Modern antibody engineering offers multiple strategies to enhance specificity and functionality:

  • Affinity maturation:

    • Directed evolution approaches using display technologies

    • Rational design based on structural information

    • Computational approaches for predicting beneficial mutations

  • Format modifications:

    • Bispecific antibodies to engage two targets simultaneously

    • Antibody fragments (Fab, scFv) for improved tissue penetration

    • Fc engineering to modify effector functions or half-life

  • Specificity enhancement:

    • Negative selection against cross-reactive antigens

    • Computational design to minimize off-target binding

    • Structure-guided mutagenesis of complementarity-determining regions

  • Functional optimization:

    • Engineering antibodies that are either purely blocking or agonistic

    • pH-dependent binding for improved tumor targeting

    • Conditional activation in specific microenvironments

These approaches can be particularly valuable for targeting chemokine receptors like CXCR6, which share structural similarities with other family members and may require highly specific recognition to avoid off-target effects.

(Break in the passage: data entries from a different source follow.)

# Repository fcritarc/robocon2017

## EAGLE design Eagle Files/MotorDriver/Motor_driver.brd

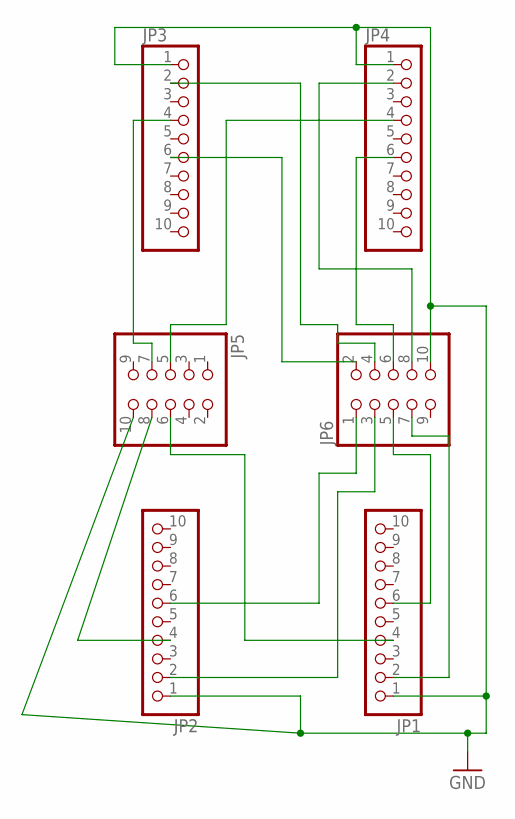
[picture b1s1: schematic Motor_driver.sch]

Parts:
JP1, JP2, JP3, JP4: PINHD-1X10; 1X10
JP5, JP6: PINHD-2X5; 2X05

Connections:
GND: JP1.1, JP2.1, JP3.1, JP4.1, JP5.10, JP6.10
unnamed: JP4.2, JP6.8
unnamed: JP4.6, JP6.6
unnamed: JP1.6, JP6.5
unnamed: JP1.2, JP6.7
unnamed: JP3.2, JP6.4
unnamed: JP3.6, JP6.2
unnamed: JP2.2, JP6.3
unnamed: JP2.6, JP6.1
unnamed: JP4.4, JP5.5
unnamed: JP3.4, JP5.7
unnamed: JP1.4, JP5.6
unnamed: JP2.4, JP5.8

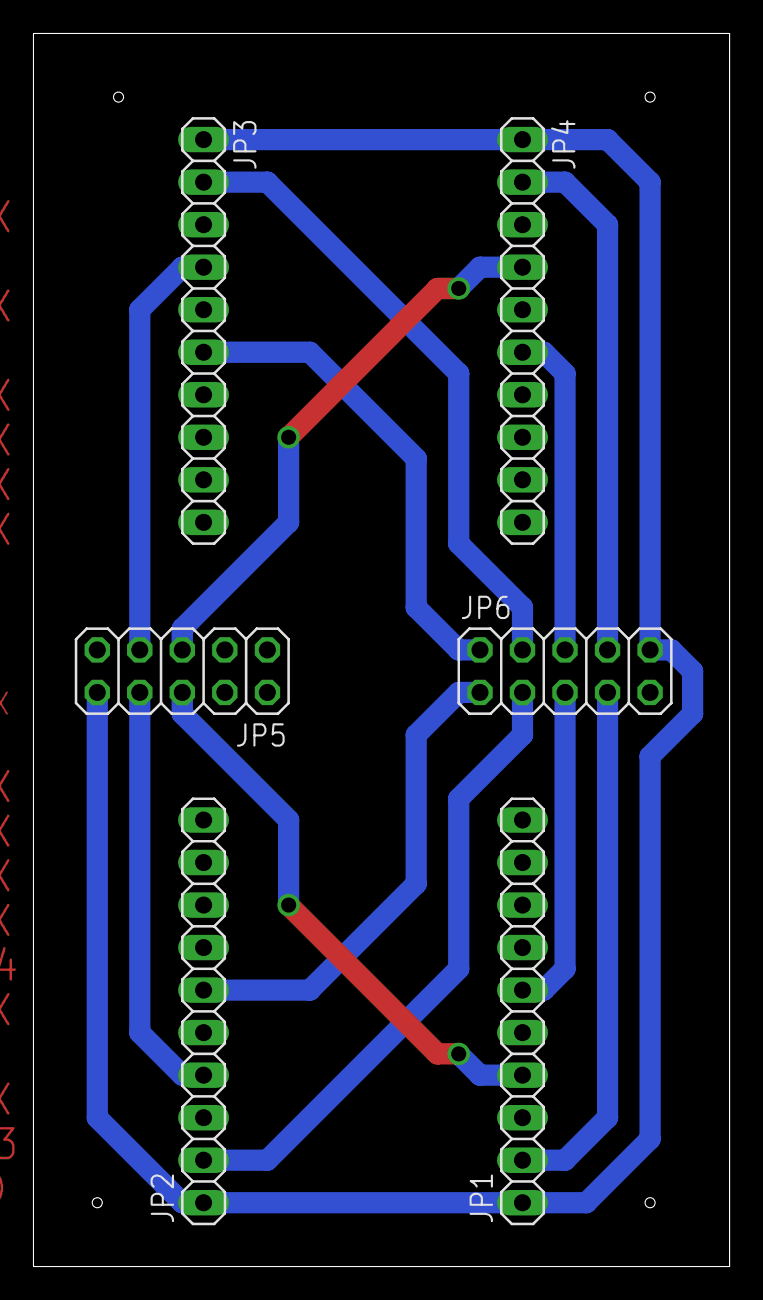
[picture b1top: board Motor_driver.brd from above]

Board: 2 copper layers, 41.6 x 73.7 mm, 6 parts (0 on the bottom side), 13 nets.

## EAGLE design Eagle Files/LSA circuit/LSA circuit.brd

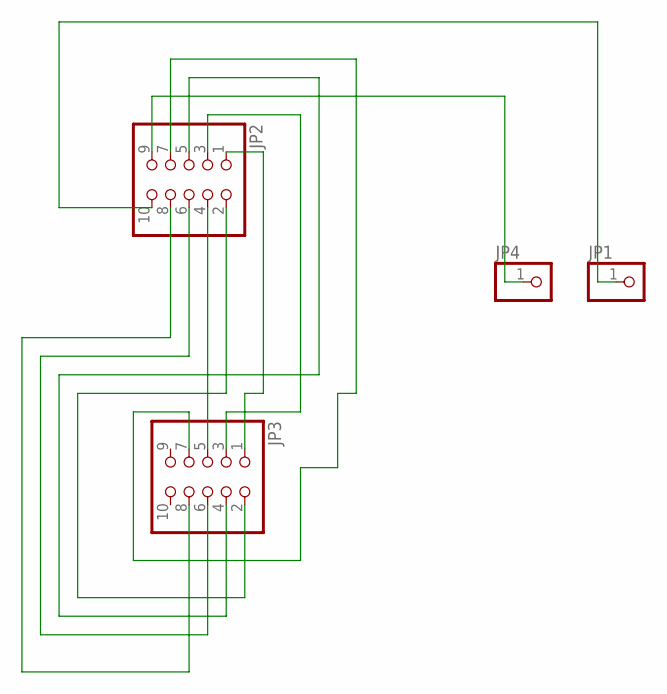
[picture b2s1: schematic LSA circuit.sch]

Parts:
JP1, JP4: PINHD-1X1; 1X01
JP2, JP3: PINHD-2X5; 2X05

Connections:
unnamed: JP2.9, JP4.1
unnamed: JP1.1, JP2.10
unnamed: JP2.1, JP3.1
unnamed: JP2.2, JP3.2
unnamed: JP2.4, JP3.4
unnamed: JP2.6, JP3.6
unnamed: JP2.8, JP3.8
unnamed: JP2.3, JP3.3
unnamed: JP2.5, JP3.5
unnamed: JP2.7, JP3.7

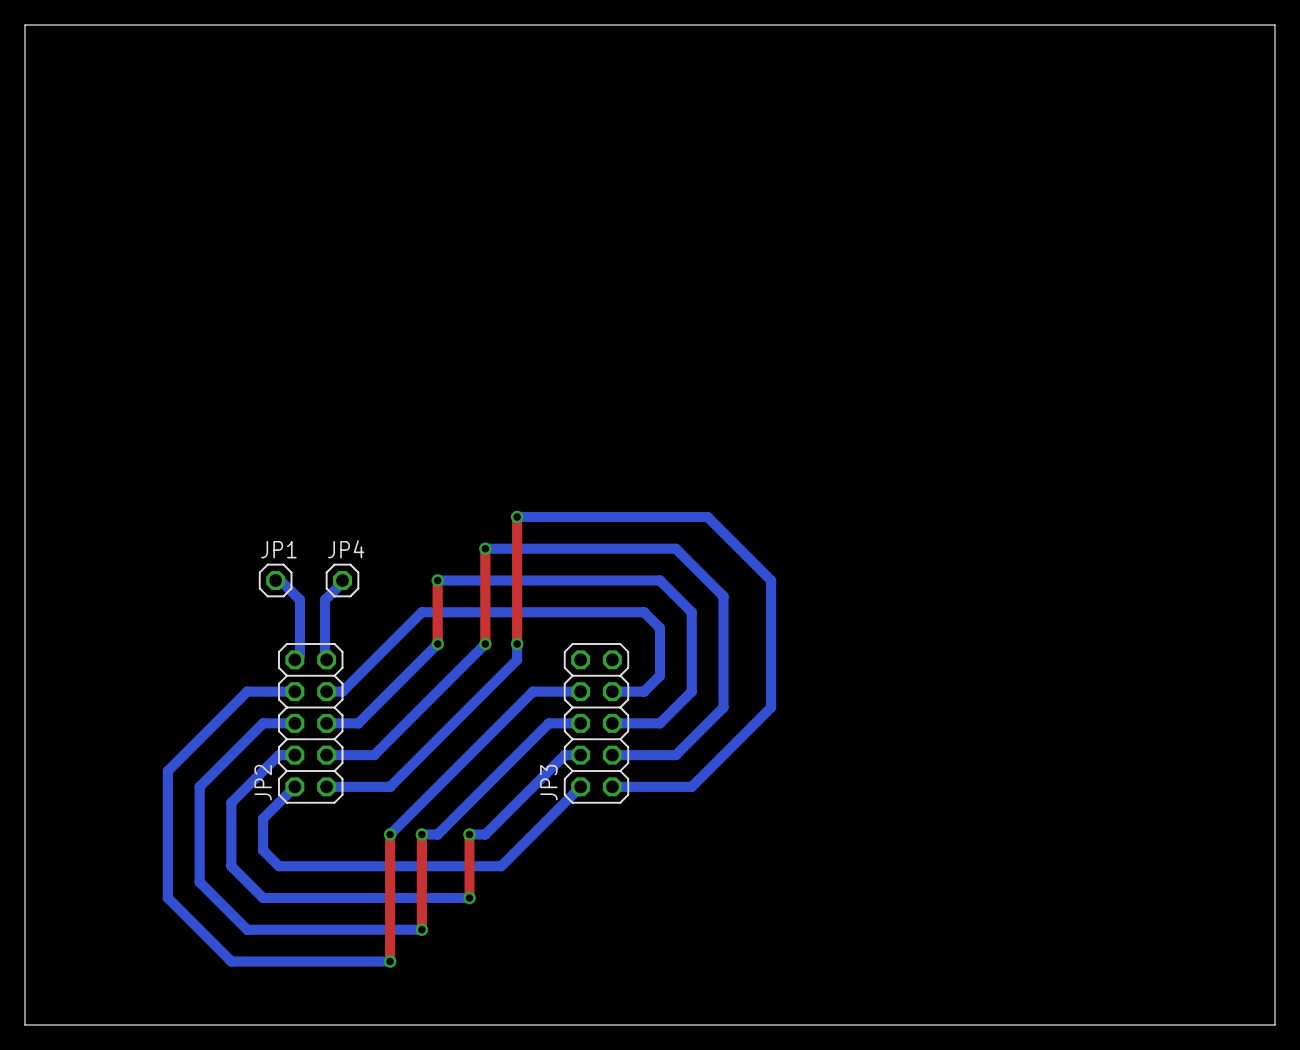
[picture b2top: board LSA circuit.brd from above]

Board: 2 copper layers, 100.0 x 80.0 mm, 4 parts (0 on the bottom side), 10 nets.

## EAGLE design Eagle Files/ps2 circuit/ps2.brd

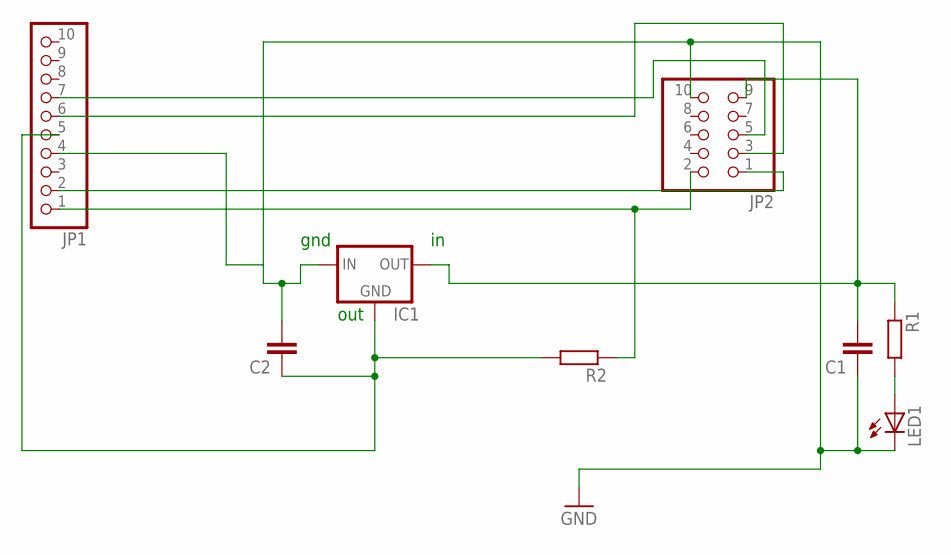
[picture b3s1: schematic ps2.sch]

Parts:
C1, C2: C2,5-3; C2.5-3
IC1: 78MXXS
JP1: PINHD-1X10; 1X10
JP2: PINHD-2X5; 2X05
LED1: LED3MM
R1, R2: R-EU_0207/10; 0207/10

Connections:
GND: C1.1, C2.2, IC1.IN, JP1.4, JP2.10, LED1.K (C)
unnamed: JP1.1, JP2.2, R2.1
unnamed: JP1.2, JP2.1
unnamed: JP1.6, JP2.3
unnamed: JP1.7, JP2.5
unnamed: C2.1, IC1.GND, JP1.5, R2.2
unnamed: C1.2, IC1.OUT, JP2.9, R1.1
unnamed: LED1.A, R1.2

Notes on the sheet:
gnd
out

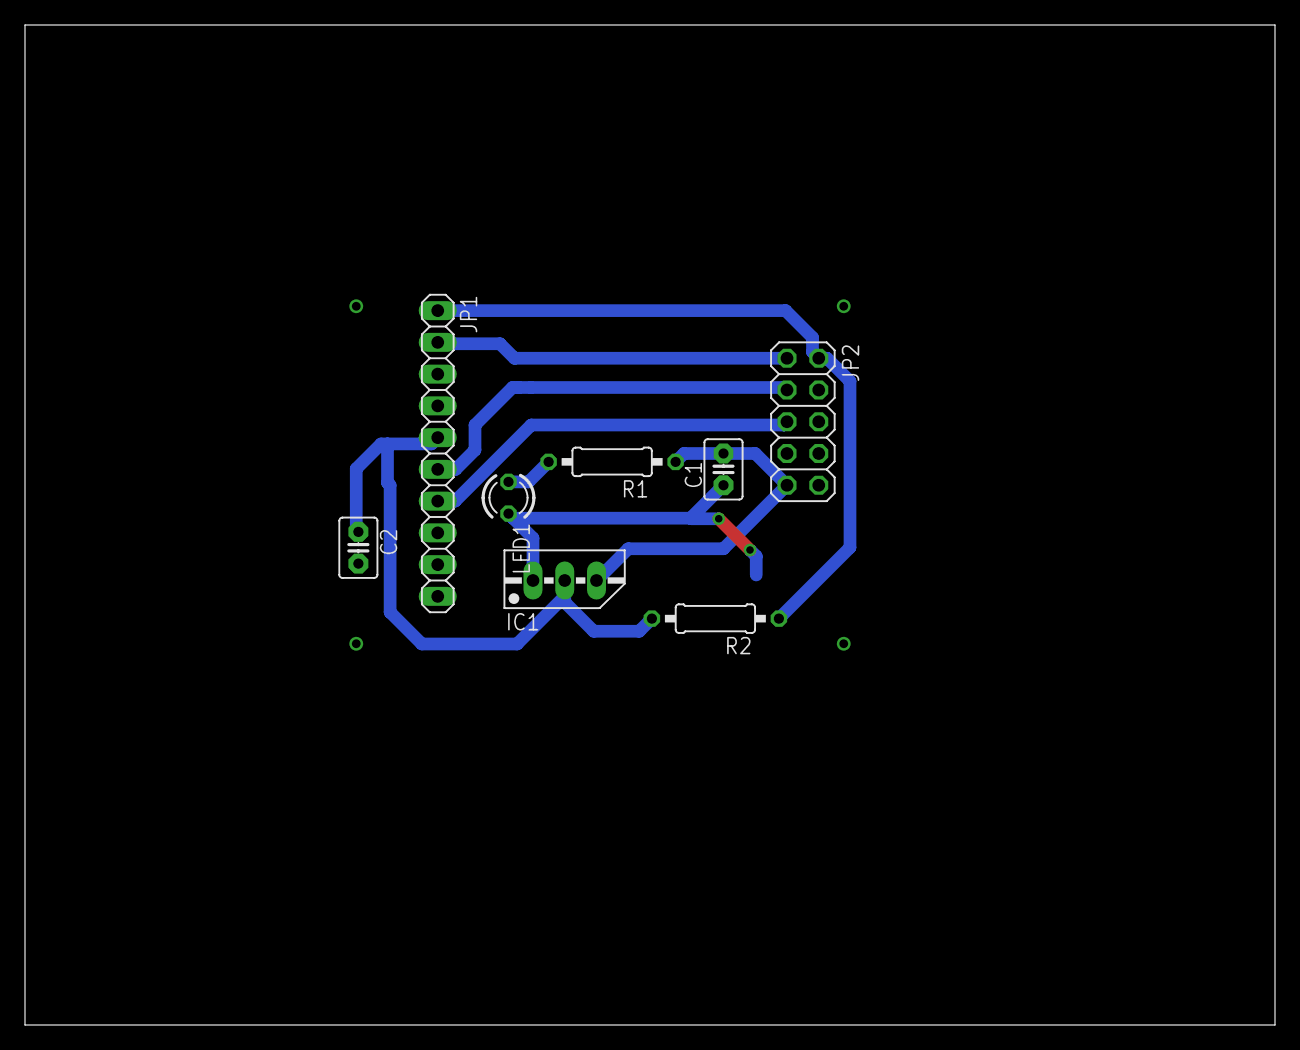
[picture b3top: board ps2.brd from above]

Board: 2 copper layers, 100.0 x 80.0 mm, 8 parts (0 on the bottom side), 8 nets.

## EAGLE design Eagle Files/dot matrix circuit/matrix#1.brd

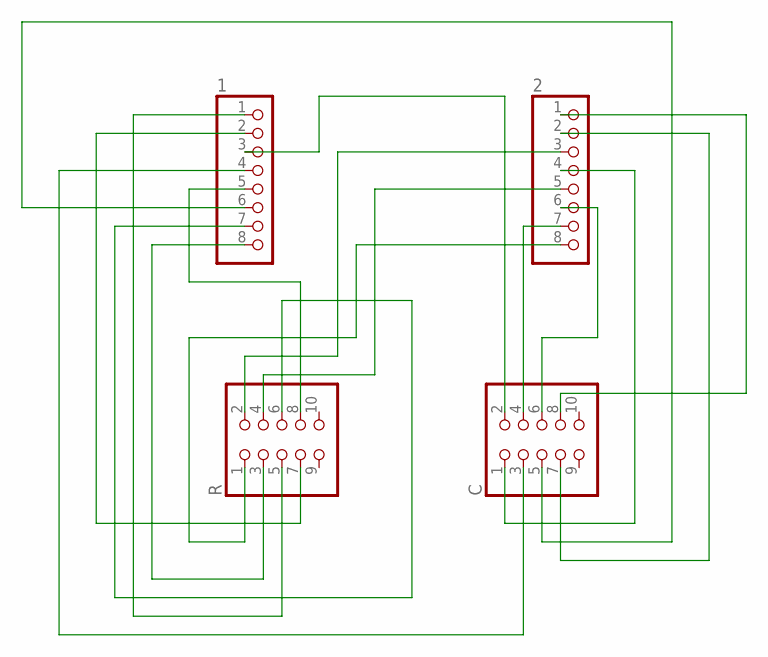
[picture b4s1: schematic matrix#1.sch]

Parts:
1, 2: PINHD-1X8; 1X08
C: PINHD-2X5; 2X05
R: PINHD-2X5; 2X05

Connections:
unnamed: 2.8, R.1
unnamed: 2.3, R.2
unnamed: 1.8, R.3
unnamed: 2.5, R.4
unnamed: 1.1, R.5
unnamed: 1.7, R.6
unnamed: 1.2, R.7
unnamed: 1.5, R.8
unnamed: 2.4, C.1
unnamed: 1.3, C.2
unnamed: 1.4, C.3
unnamed: 2.7, C.4
unnamed: 1.6, C.5
unnamed: 2.6, C.6
unnamed: 2.2, C.7
unnamed: 2.1, C.8

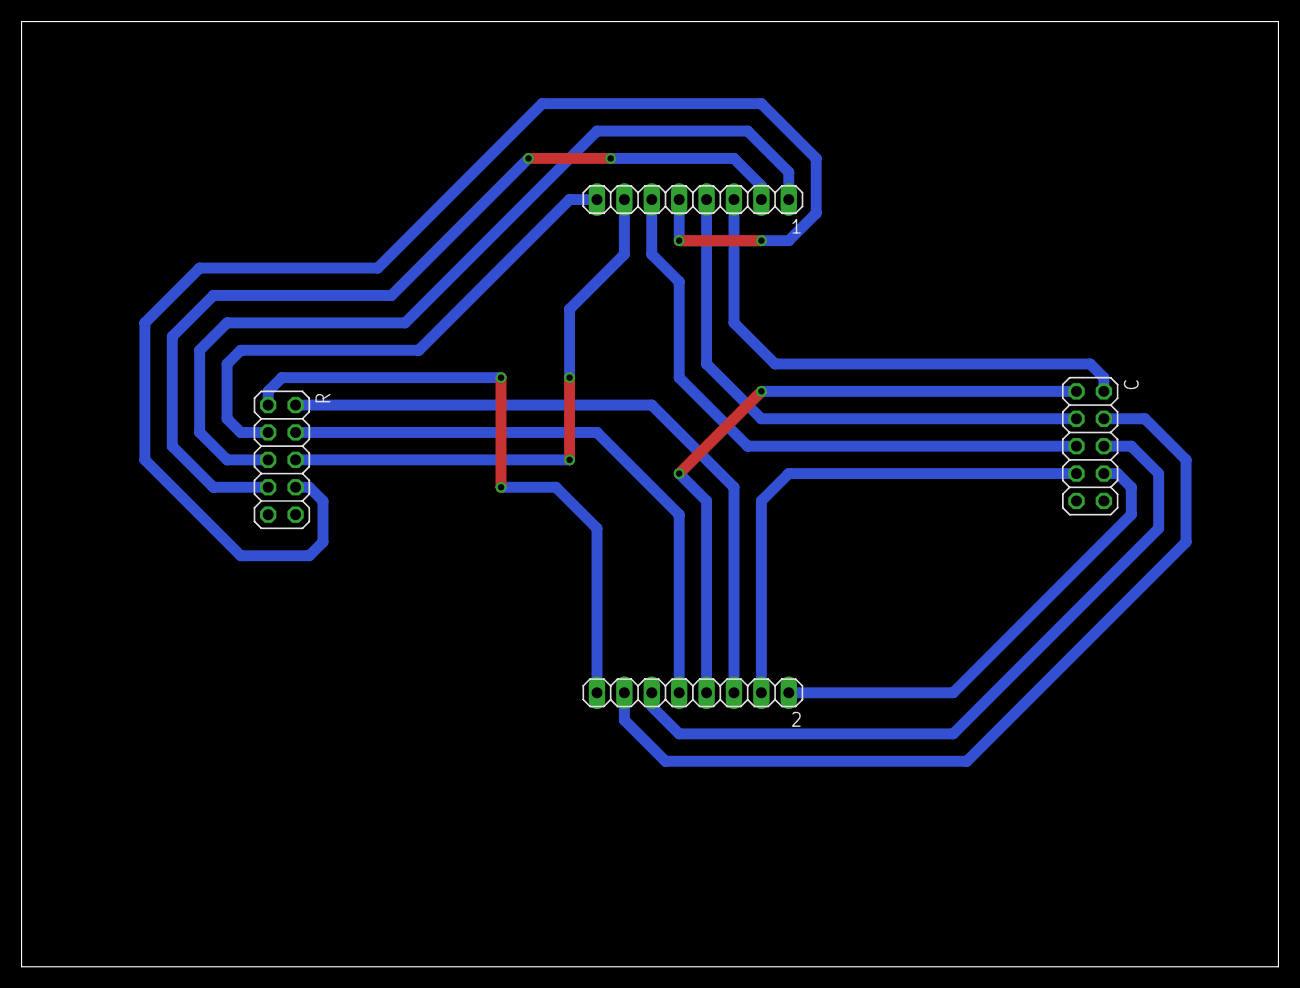
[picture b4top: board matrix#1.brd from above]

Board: 2 copper layers, 116.5 x 87.6 mm, 4 parts (0 on the bottom side), 16 nets.

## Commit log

2016-11-18 readme added
2016-11-18 readme added (#1)
2016-12-30 update 1
2017-01-01 commit 2
2017-01-04 eagle files added
2017-01-05 added motor driver eagle files
2017-01-22 added prototype_rev

What are the emerging applications of CXCR6 and CXCL6 antibodies in immunotherapy research?

CXCR6 and CXCL6 antibodies are finding increasing applications in immunotherapy research:

  • Tumor microenvironment modulation:

    • CXCR6 has been proposed as a therapeutic target against tumors through regulation of the tumor microenvironment

    • Antibodies targeting CXCR6 may help modify immune cell infiltration and function within tumors

  • Immune cell trafficking control:

    • Blocking antibodies can inhibit chemokine-directed migration

    • This approach may be valuable in inflammatory diseases or cancer

  • Combination therapy enhancement:

    • Anti-CXCR6 or anti-CXCL6 antibodies may synergize with checkpoint inhibitors

    • Potential to improve T cell infiltration into "cold" tumors

  • Diagnostic and prognostic applications:

    • Expression levels of CXCR6 or CXCL6 may correlate with disease outcomes

    • Antibodies enable precise quantification in patient samples

  • Chimeric antigen receptor (CAR) development:

    • Antibody-derived binding domains can be incorporated into CARs

    • May enable targeting of cells expressing CXCR6 or CXCL6

These applications highlight the growing importance of chemokine biology in immunotherapy development and the value of well-characterized antibody tools in this field.